WHAT THE TASK ASKS: In the entries that follow, copy exactly each line from the first through the line with "settings Model: DataDictionary=BlindSpotDataTypes.sldd".

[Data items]
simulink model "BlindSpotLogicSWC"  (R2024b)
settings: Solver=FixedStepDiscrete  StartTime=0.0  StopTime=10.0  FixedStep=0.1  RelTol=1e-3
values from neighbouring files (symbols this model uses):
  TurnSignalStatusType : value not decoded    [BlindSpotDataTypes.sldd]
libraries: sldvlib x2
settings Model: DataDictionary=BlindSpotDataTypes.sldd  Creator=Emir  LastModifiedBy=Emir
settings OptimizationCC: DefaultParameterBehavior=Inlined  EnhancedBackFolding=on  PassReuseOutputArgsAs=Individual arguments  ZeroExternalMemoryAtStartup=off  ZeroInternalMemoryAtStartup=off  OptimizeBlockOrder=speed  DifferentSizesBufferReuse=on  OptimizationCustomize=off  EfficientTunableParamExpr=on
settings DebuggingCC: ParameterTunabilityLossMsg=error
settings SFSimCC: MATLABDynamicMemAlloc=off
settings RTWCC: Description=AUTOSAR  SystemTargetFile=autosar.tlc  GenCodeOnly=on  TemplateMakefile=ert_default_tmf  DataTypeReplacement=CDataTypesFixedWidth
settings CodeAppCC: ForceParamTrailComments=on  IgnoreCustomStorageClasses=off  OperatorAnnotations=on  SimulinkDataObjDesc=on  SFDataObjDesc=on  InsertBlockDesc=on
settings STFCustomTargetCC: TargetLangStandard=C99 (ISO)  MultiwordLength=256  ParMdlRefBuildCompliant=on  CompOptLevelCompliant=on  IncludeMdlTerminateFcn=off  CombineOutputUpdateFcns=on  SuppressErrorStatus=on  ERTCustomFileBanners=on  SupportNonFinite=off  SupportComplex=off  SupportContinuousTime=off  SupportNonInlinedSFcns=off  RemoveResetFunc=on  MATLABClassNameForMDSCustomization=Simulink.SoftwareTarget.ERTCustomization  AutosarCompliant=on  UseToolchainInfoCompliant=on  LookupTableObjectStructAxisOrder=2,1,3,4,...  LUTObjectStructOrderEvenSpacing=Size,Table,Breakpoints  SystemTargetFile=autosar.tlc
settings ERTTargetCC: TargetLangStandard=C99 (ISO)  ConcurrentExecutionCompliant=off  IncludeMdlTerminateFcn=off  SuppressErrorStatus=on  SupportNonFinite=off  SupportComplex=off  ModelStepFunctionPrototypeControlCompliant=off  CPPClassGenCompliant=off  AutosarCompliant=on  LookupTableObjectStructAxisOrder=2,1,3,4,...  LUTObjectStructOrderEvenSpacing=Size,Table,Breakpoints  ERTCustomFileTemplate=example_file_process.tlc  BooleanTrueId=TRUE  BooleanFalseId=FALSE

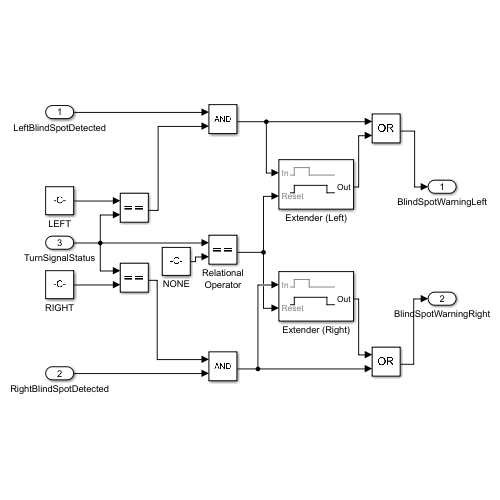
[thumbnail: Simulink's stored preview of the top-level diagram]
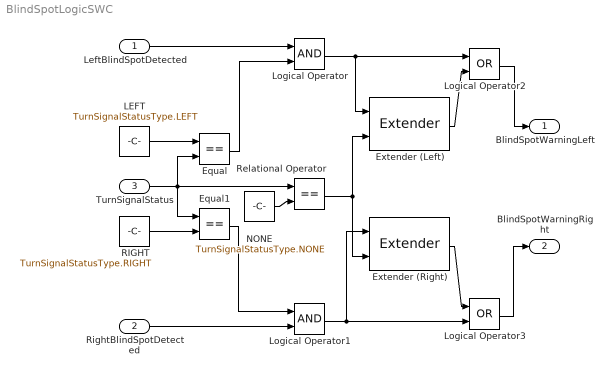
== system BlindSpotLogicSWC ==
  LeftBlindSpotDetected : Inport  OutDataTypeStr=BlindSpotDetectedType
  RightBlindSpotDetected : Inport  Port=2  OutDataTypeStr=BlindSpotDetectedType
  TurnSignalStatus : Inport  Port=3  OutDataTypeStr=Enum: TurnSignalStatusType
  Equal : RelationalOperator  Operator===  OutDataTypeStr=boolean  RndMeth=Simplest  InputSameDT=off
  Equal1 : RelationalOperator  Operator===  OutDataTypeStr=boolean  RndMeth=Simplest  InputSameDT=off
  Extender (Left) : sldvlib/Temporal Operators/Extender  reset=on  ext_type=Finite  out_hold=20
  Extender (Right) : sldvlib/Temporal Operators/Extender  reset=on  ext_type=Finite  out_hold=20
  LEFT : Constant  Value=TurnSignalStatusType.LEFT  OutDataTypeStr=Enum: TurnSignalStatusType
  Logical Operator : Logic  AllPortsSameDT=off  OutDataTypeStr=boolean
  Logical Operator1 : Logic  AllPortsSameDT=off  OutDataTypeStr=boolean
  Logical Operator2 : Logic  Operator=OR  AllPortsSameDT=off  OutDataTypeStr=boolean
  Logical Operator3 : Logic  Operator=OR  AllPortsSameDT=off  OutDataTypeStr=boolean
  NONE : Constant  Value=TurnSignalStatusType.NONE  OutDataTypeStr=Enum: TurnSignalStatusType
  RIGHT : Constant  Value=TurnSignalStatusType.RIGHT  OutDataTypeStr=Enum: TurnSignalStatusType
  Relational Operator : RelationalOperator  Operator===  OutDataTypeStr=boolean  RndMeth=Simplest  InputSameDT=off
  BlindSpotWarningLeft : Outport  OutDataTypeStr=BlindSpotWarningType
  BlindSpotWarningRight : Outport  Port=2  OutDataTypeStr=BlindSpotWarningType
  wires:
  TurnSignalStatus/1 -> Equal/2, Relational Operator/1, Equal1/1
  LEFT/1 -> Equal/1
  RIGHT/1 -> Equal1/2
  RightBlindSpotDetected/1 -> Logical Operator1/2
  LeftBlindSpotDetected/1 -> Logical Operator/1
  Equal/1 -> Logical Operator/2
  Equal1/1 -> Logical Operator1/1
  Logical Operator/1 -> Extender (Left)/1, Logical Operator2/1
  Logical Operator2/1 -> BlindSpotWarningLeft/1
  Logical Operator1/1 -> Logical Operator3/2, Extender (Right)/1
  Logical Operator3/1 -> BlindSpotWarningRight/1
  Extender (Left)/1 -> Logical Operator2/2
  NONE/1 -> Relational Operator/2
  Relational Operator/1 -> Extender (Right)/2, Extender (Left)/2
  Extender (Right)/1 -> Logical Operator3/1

RESPONSE AREA:
simulink model "BlindSpotLogicSWC"  (R2024b)
settings: Solver=FixedStepDiscrete  StartTime=0.0  StopTime=10.0  FixedStep=0.1  RelTol=1e-3
values from neighbouring files (symbols this model uses):
  TurnSignalStatusType : value not decoded    [BlindSpotDataTypes.sldd]
libraries: sldvlib x2
settings Model: DataDictionary=BlindSpotDataTypes.sldd  Creator=Emir  LastModifiedBy=Emir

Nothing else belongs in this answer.